One example of the job performed by IEC managers who are assigned individual major business customers relates to how power outages that do occur, either planned or unplanned, are handled. A manager assigned to a particular business is responsible for coordinating with the customer over planned outages and providing support for outages that are not anticipated. The service is available only through the IEC, since it has exclusive control over the country’s electricity transmission grid. For the same reason, the coordinating must be done through the IEC, even for customers who get their power from private suppliers.

The Antitrust Commission found that under such circumstances, customers who purchased their power from the IEC received full service support but the service was withheld as soon as they switched to private electrical utilities. The withholding of the support services caused substantial harm to the businesses in the event of a power outage and also signaled to other major businesses that they would do well to stick with the IEC.
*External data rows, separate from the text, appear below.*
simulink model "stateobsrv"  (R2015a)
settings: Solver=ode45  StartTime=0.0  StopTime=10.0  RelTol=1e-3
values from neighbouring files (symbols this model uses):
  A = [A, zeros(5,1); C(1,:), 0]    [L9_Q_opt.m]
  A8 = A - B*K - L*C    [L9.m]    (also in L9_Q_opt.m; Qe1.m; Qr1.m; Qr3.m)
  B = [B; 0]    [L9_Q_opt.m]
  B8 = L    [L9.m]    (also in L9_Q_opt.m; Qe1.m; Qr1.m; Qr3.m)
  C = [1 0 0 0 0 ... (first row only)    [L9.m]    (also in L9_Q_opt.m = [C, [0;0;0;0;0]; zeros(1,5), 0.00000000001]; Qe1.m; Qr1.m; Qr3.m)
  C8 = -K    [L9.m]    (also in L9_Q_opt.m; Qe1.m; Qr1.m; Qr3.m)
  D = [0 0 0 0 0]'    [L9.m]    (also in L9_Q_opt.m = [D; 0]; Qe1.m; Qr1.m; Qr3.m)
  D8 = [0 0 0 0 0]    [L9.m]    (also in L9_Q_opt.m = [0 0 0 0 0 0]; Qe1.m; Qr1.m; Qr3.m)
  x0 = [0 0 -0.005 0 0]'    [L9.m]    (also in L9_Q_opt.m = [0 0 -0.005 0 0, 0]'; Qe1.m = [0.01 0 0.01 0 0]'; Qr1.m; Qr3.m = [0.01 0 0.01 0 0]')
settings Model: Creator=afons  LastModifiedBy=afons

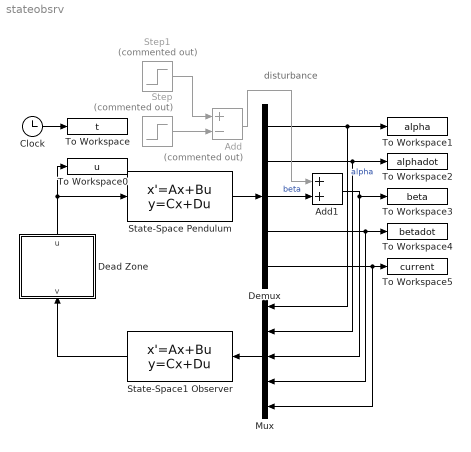
== system stateobsrv ==
  note: disturbance
  Add : Sum  Commented=on  Inputs=+-
  Add1 : Sum
  Clock : Clock
  Dead Zone : MATLAB Function  TreatAsAtomicUnit=on
  Demux : Demux  Outputs=5
  Mux : Mux  Inputs=5
  State-Space Pendulum : StateSpace  A=A  B=B  C=C  D=D  X0=x0
  State-Space1 Observer : StateSpace  A=A8  B=B8  C=C8  D=D8  X0=x0
  Step : Step  Commented=on  Time=1.1  After=0.3  SampleTime=0
  Step1 : Step  Commented=on  After=0.3  SampleTime=0
  To Workspace : ToWorkspace  VariableName=t  SampleTime=-1
  To Workspace0 : ToWorkspace  VariableName=u  SampleTime=-1
  To Workspace1 : ToWorkspace  VariableName=alpha  SampleTime=-1
  To Workspace2 : ToWorkspace  VariableName=alphadot  SampleTime=-1
  To Workspace3 : ToWorkspace  VariableName=beta  SampleTime=-1
  To Workspace4 : ToWorkspace  VariableName=betadot  SampleTime=-1
  To Workspace5 : ToWorkspace  VariableName=current  SampleTime=-1
  wires:
  State-Space Pendulum/1 -> Demux/1
  Clock/1 -> To Workspace/1
  Demux/3 -> Add1/2  "beta"
  Demux/1 -> Mux/1, To Workspace1/1  "alpha"
  Demux/2 -> Mux/2, To Workspace2/1
  Demux/5 -> Mux/5, To Workspace5/1
  Dead Zone/1(u) -> State-Space Pendulum/1, To Workspace0/1
  Step1/1 -> Add/1
  Step/1 -> Add/2
  Add/1 -> Add1/1
  Mux/1 -> State-Space1 Observer/1
  Add1/1 -> Mux/3, To Workspace3/1
  Demux/4 -> Mux/4, To Workspace4/1
  State-Space1 Observer/1 -> Dead Zone/1(v)

== matlab function stateobsrv/Dead Zone ==
  data: u output; v input
function u = dead_Zone(v)
%#codegen
if (abs(v) >= 0.32)
    u=v;
else
    u=0;
end;
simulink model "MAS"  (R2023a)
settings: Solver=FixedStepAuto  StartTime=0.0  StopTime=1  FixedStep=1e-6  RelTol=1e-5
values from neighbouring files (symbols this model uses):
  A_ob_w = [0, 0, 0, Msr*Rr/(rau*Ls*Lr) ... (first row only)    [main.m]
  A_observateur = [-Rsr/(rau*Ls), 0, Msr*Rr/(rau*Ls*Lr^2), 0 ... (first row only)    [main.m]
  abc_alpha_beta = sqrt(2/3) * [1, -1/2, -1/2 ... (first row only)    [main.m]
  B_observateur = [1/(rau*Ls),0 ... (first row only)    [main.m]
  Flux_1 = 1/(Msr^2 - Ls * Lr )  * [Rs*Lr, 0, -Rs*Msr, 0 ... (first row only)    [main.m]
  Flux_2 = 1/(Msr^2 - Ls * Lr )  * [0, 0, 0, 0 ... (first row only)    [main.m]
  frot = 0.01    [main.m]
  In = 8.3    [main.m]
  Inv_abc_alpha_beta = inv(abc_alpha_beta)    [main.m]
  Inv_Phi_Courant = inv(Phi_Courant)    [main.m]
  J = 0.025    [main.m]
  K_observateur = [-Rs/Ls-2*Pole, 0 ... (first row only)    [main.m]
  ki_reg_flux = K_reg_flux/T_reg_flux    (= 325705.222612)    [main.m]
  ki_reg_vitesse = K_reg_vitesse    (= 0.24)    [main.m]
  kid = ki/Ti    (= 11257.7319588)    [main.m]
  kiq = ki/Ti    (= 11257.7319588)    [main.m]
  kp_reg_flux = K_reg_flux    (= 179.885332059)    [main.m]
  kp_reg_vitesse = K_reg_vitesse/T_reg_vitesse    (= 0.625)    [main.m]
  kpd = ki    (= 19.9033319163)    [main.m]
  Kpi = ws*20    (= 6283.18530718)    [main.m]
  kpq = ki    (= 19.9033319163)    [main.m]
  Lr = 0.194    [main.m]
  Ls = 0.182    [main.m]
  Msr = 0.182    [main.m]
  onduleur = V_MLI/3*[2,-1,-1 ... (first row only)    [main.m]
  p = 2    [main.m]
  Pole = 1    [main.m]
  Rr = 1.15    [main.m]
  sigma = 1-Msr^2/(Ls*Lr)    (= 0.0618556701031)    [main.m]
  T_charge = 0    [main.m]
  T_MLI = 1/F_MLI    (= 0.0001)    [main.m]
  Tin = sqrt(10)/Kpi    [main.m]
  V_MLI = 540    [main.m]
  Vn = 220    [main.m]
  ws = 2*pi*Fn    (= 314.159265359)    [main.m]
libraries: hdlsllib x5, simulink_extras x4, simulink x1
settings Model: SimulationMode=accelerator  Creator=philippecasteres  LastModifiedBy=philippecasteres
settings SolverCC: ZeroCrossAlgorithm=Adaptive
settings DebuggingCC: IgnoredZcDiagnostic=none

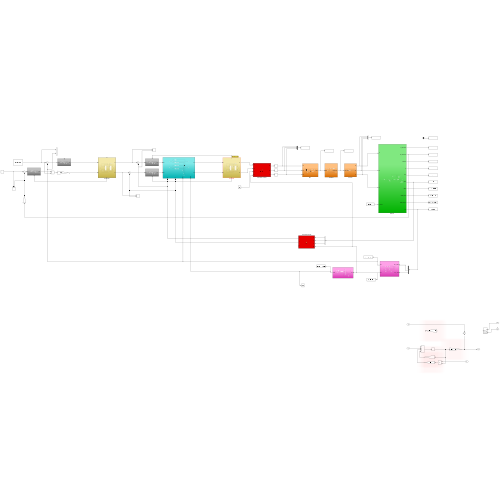
[thumbnail: Simulink's stored preview of the top-level diagram]
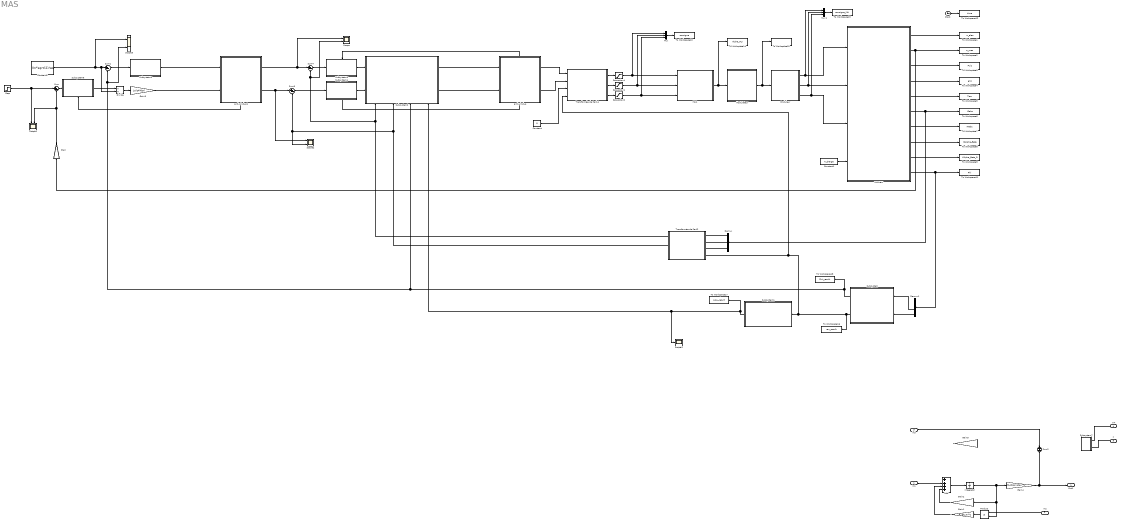
== system MAS ==
  In1 : Inport
  In2 : Inport  Port=2
  In3 : Inport  Port=3
  In4 : Inport  Port=4
  X : Inport  Port=5
  Add : Sum  Inputs=++++
  Clock : Clock
  Constant : Constant  Value=0
  Constant1 : Constant  Value=T_charge
  Constant2 : Constant  Value=Vn*sqrt(2)/ws
  Demux : Demux  Outputs=3
  Demux1 : Demux
  Divide : Product  Inputs=*/
  Gain : Gain  Gain=30/pi
  Gain1 : Gain  Gain=A_ob_w  Multiplication=Matrix(K*u)
  Gain2 : Gain  Gain=A_observateur  Multiplication=Matrix(K*u)
  Gain3 : Gain  Gain=Lr/(p*Msr)
  Gain4 : Gain  Gain=B_observateur  Multiplication=Matrix(K*u)
  Gain5 : Gain  Gain=K_observateur  Multiplication=Matrix(K*u)
  Integrator : Integrator
  MASnew : Subsystem
  MLI1 : Subsystem
  Modulateur : Subsystem
  Mux : Mux  Inputs=3
  Mux1 : Mux  Inputs=3
  Onduleur : Subsystem
  Product : Product
  Saturation1 : Saturate  UpperLimit=Vn*sqrt(2)  LowerLimit=-Vn*sqrt(2)
  Saturation2 : Saturate  UpperLimit=Vn*sqrt(2)  LowerLimit=-Vn*sqrt(2)
  Saturation4 : Saturate  UpperLimit=Vn*sqrt(2)  LowerLimit=-Vn*sqrt(2)
  Scope{,1..3} (4 alike) : Scope  NumInputPorts=2
  Scope4 : Scope
  Step : Step  Time=0.1  After=1450  SampleTime=0
  Subsystem : Subsystem
  Subsystem1 : Subsystem
  Subsystem2 : Subsystem
      settings: PortSchema="{\"entries\":[{\"content\":{\"sides\":[{\"content\":{\"connectorIds\":[\"In1\",\"In2\"]},\"type\":\"ConnectorPlacement.EquallySpacedRectSide\",\"uuid\":\"374a3029-9c19-44eb-9b98-de55e62c7022\"},{\"content\":{\"connectorIds\":[\"Out1\",\"Out2\"],\"side\":\"RIGHT\"},\"type\":\"ConnectorPlacement.EquallySpacedRectSide\",\"uuid\":\"b066ba17-ce68-41f6-a300-7d3bc4dc3f92\"},{\"content\":{\"side\":\"TOP\"},\"type\":\"ConnectorPlacement.EquallySpacedRectSide\",\"uuid\":\"ed738241-ae45-464d-a05c-a5861c3f77ca\"},{\"content\":{\"connectorIds\":[\"In3\",\"In4\",\"In5\",\"In6\"],\"side\":\"BOTTOM\"},\"type\":\"ConnectorPlacement.EquallySpacedRectSide\",\"uuid\":\"e5249242-5c32-4682-b932-0c2aba441929\"}]},\"type\":\"ConnectorPlacement.EquallySpacedConnector\",\"uuid\":\"519ae50f-d565-4f6e-aabe-7acf3d791e4a\"}],\"packageUris\":[\"http://schema.mathworks.com/mf0/Connector/R2020b\"],\"version\":\"1.0\"}"
  Subsystem3 : Subsystem
      settings: PortSchema="{\"entries\":[{\"content\":{\"sides\":[{\"content\":{\"connectorIds\":[\"In1\"]},\"type\":\"ConnectorPlacement.EquallySpacedRectSide\",\"uuid\":\"e479fa30-fafe-4b33-9f29-bcdfd025492c\"},{\"content\":{\"connectorIds\":[\"Out1\"],\"side\":\"RIGHT\"},\"type\":\"ConnectorPlacement.EquallySpacedRectSide\",\"uuid\":\"004bb801-1125-495b-9383-1b89d3712869\"},{\"content\":{\"connectorIds\":[\"In2\"],\"side\":\"TOP\"},\"type\":\"ConnectorPlacement.EquallySpacedRectSide\",\"uuid\":\"eb300401-215a-493c-865f-c89d4f0da9de\"}]},\"type\":\"ConnectorPlacement.EquallySpacedConnector\",\"uuid\":\"4261b941-699b-4a50-9a10-aa37cbe6dd2a\"}],\"packageUris\":[\"http://schema.mathworks.com/mf0/Connector/R2020b\"],\"version\":\"1.0\"}"
  Subsystem4 : Subsystem
      settings: PortSchema="{\"entries\":[{\"content\":{\"sides\":[{\"content\":{\"connectorIds\":[\"In1\"]},\"type\":\"ConnectorPlacement.EquallySpacedRectSide\",\"uuid\":\"b47c6917-9341-4daa-88c1-000b41eb9d38\"},{\"content\":{\"connectorIds\":[\"Out1\"],\"side\":\"RIGHT\"},\"type\":\"ConnectorPlacement.EquallySpacedRectSide\",\"uuid\":\"db977880-8c33-40fc-933d-e73e745919fc\"},{\"content\":{\"side\":\"TOP\"},\"type\":\"ConnectorPlacement.EquallySpacedRectSide\",\"uuid\":\"c60e1241-7377-4c09-9831-21e7b95cd727\"},{\"content\":{\"connectorIds\":[\"In2\"],\"side\":\"BOTTOM\"},\"type\":\"ConnectorPlacement.EquallySpacedRectSide\",\"uuid\":\"7267beab-c733-40aa-ba5e-a945633c6122\"}]},\"type\":\"ConnectorPlacement.EquallySpacedConnector\",\"uuid\":\"e7c74c67-79e5-4b53-bf68-91e77d655faf\"}],\"packageUris\":[\"http://schema.mathworks.com/mf0/Connector/R2020b\"],\"version\":\"1.0\"}"
  Subsystem5 : Subsystem
      settings: PortSchema="{\"entries\":[{\"content\":{\"sides\":[{\"content\":{\"connectorIds\":[\"In1\"]},\"type\":\"ConnectorPlacement.EquallySpacedRectSide\",\"uuid\":\"b47c6917-9341-4daa-88c1-000b41eb9d38\"},{\"content\":{\"connectorIds\":[\"Out1\"],\"side\":\"RIGHT\"},\"type\":\"ConnectorPlacement.EquallySpacedRectSide\",\"uuid\":\"db977880-8c33-40fc-933d-e73e745919fc\"},{\"content\":{\"connectorIds\":[\"In2\"],\"side\":\"TOP\"},\"type\":\"ConnectorPlacement.EquallySpacedRectSide\",\"uuid\":\"c60e1241-7377-4c09-9831-21e7b95cd727\"}]},\"type\":\"ConnectorPlacement.EquallySpacedConnector\",\"uuid\":\"e7c74c67-79e5-4b53-bf68-91e77d655faf\"}],\"packageUris\":[\"http://schema.mathworks.com/mf0/Connector/R2020b\"],\"version\":\"1.0\"}"
  Subsystem6 : Subsystem
      settings: PortSchema="{\"entries\":[{\"content\":{\"sides\":[{\"content\":{\"connectorIds\":[\"In1\"]},\"type\":\"ConnectorPlacement.EquallySpacedRectSide\",\"uuid\":\"b47c6917-9341-4daa-88c1-000b41eb9d38\"},{\"content\":{\"connectorIds\":[\"Out1\"],\"side\":\"RIGHT\"},\"type\":\"ConnectorPlacement.EquallySpacedRectSide\",\"uuid\":\"db977880-8c33-40fc-933d-e73e745919fc\"},{\"content\":{\"side\":\"TOP\"},\"type\":\"ConnectorPlacement.EquallySpacedRectSide\",\"uuid\":\"c60e1241-7377-4c09-9831-21e7b95cd727\"},{\"content\":{\"connectorIds\":[\"In2\"],\"side\":\"BOTTOM\"},\"type\":\"ConnectorPlacement.EquallySpacedRectSide\",\"uuid\":\"995178c3-5227-47fa-849d-7fc8f375b837\"}]},\"type\":\"ConnectorPlacement.EquallySpacedConnector\",\"uuid\":\"e7c74c67-79e5-4b53-bf68-91e77d655faf\"}],\"packageUris\":[\"http://schema.mathworks.com/mf0/Connector/R2020b\"],\"version\":\"1.0\"}"
  Subsystem7 : Subsystem
  Sum{,1,4..5} (4 alike) : Sum  Inputs=|+-
  Sum2 : Sum  Inputs=+|-
  To Workspace1 : ToWorkspace  VariableName=w_elec  SaveFormat=Timeseries  SampleTime=-1
  To Workspace10 : ToWorkspace  VariableName=consigne  SaveFormat=Timeseries  SampleTime=-1
  To Workspace11 : ToWorkspace  VariableName=Phi  SaveFormat=Timeseries  SampleTime=-1
  To Workspace12 : ToWorkspace  VariableName=time  SaveFormat=Timeseries  SampleTime=-1
  To Workspace13 : ToWorkspace  VariableName=consigne_MLI  SaveFormat=Timeseries  SampleTime=-1
  To Workspace14 : ToWorkspace  VariableName=Alpha_MLI  SaveFormat=Timeseries  SampleTime=-1
  To Workspace15 : ToWorkspace  VariableName=commande_Modulateur  SaveFormat=Timeseries  SampleTime=-1
  To Workspace16 : ToWorkspace  VariableName=rau_result  SaveFormat=Timeseries  SampleTime=-1
  To Workspace17 : ToWorkspace  VariableName=wrau_result  SaveFormat=Timeseries  SampleTime=-1
  To Workspace18 : ToWorkspace  VariableName=Phir_result  SaveFormat=Timeseries  SampleTime=-1
  To Workspace2 : ToWorkspace  VariableName=w_mec  SaveFormat=Timeseries  SampleTime=-1
  To Workspace3 : ToWorkspace  VariableName=Puis  SaveFormat=Timeseries  SampleTime=-1
  To Workspace4 : ToWorkspace  VariableName=glis  SaveFormat=Timeseries  SampleTime=-1
  To Workspace5 : ToWorkspace  VariableName=Tem  SaveFormat=Timeseries  SampleTime=-1
  To Workspace6 : ToWorkspace  VariableName=ISabc  SaveFormat=Timeseries  SampleTime=-1
  To Workspace7 : ToWorkspace  VariableName=IRabc  SaveFormat=Timeseries  SampleTime=-1
  To Workspace8 : ToWorkspace  VariableName=ISAlpha_Beta  SaveFormat=Timeseries  SampleTime=-1
  To Workspace9 : ToWorkspace  VariableName=VAlpha_Beta_O  SaveFormat=Timeseries  SampleTime=-1
  Transformée de Park-1 : MATLAB Function  TreatAsAtomicUnit=on
  Transformée de Park2 : MATLAB Function  TreatAsAtomicUnit=on
  anti-windup : Subsystem
      settings: PortSchema="{\"entries\":[{\"content\":{\"sides\":[{\"content\":{\"connectorIds\":[\"In1\",\"In2\"]},\"type\":\"ConnectorPlacement.EquallySpacedRectSide\",\"uuid\":\"233cb3cb-1249-40bd-bfdc-45fa9814c46e\"},{\"content\":{\"connectorIds\":[\"Out1\",\"Out2\"],\"side\":\"RIGHT\"},\"type\":\"ConnectorPlacement.EquallySpacedRectSide\",\"uuid\":\"0fdc860d-9a1f-453b-acef-69f40f5c198e\"},{\"content\":{\"connectorIds\":[\"Out4\"],\"side\":\"TOP\"},\"type\":\"ConnectorPlacement.EquallySpacedRectSide\",\"uuid\":\"10667f9d-69ec-4f3a-8ac8-5b780339c6a9\"},{\"content\":{\"connectorIds\":[\"Out3\"],\"side\":\"BOTTOM\"},\"type\":\"ConnectorPlacement.EquallySpacedRectSide\",\"uuid\":\"5505156d-5de0-4527-aff8-81b020aef34d\"}]},\"type\":\"ConnectorPlacement.EquallySpacedConnector\",\"uuid\":\"a7d416d1-7b5f-49c4-ac6f-32e00a36b461\"}],\"packageUris\":[\"http://schema.mathworks.com/mf0/Connector/R2020b\"],\"version\":\"1.0\"}"
  anti-windup1 : Subsystem
      settings: PortSchema="{\"entries\":[{\"content\":{\"sides\":[{\"content\":{\"connectorIds\":[\"In1\",\"In2\"]},\"type\":\"ConnectorPlacement.EquallySpacedRectSide\",\"uuid\":\"233cb3cb-1249-40bd-bfdc-45fa9814c46e\"},{\"content\":{\"connectorIds\":[\"Out1\",\"Out2\"],\"side\":\"RIGHT\"},\"type\":\"ConnectorPlacement.EquallySpacedRectSide\",\"uuid\":\"0fdc860d-9a1f-453b-acef-69f40f5c198e\"},{\"content\":{\"connectorIds\":[\"Out4\"],\"side\":\"TOP\"},\"type\":\"ConnectorPlacement.EquallySpacedRectSide\",\"uuid\":\"10667f9d-69ec-4f3a-8ac8-5b780339c6a9\"},{\"content\":{\"connectorIds\":[\"Out3\"],\"side\":\"BOTTOM\"},\"type\":\"ConnectorPlacement.EquallySpacedRectSide\",\"uuid\":\"5505156d-5de0-4527-aff8-81b020aef34d\"}]},\"type\":\"ConnectorPlacement.EquallySpacedConnector\",\"uuid\":\"a7d416d1-7b5f-49c4-ac6f-32e00a36b461\"}],\"packageUris\":[\"http://schema.mathworks.com/mf0/Connector/R2020b\"],\"version\":\"1.0\"}"
  Out1 : Outport
  wires:
  Onduleur/3(Vc) -> Mux1/3, MASnew/3(Vc)
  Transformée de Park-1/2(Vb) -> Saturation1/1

In a statement on the case, the Antitrust Commission said the support services to major business customers who stopped buying power from the state utility was halted in the middle of 2013. Apparently the affected businesses had begun getting their electricity from Dorad Energy’s private power station, which supplies electricity to the Tnuva, Osem and Strauss food manufacturers as well as to the Africa Israel real estate group and to the Fattal and Isrotel hotel chains.

The IEC’s customer service was only restored to the defecting customers at the beginning of 2015 and even then it was temporary and limited. In June of that year, the IEC created a special service center to deal with outages suffered by business customers who had switched to private electrical utilities, but even then the service that it provided was limited and in some instances, the businesses were told to call the IEC’s general customer service line. It was only at the end of 2015 that the state utility restored full support services to the major business, after the Antitrust Commission issued a warning.

In a statement issued on Monday, the Antitrust Commission noted that this was the first time that fines of such a scope were imposed on individuals, in this case due to what the commission described as “the involvement of senior executives in the company" and added that the ruling in the IEC case was consistent with prior rulings supporting personal fines in cases in which antitrust violations are found to result in real harm to competition.

This wasn’t the first time that the IEC has been accused of exploiting its monopoly control of the transmission grid. Over the past several years, IEC employees have disrupted the connection to the electricity grid of three major private power suppliers — OPC, Dorad and Dalia Power Energies — prompting an Antitrust Commission warning that claimed that the failure to maintain the connection to the power plants constituted exploitation of IEC’s monopoly, whether it was the result of a management decision or employee labor sanctions.

Monday’s ruling was a shock to IEC employees with some saying the time had come for a public debate over whom the Antitrust Commission is serving.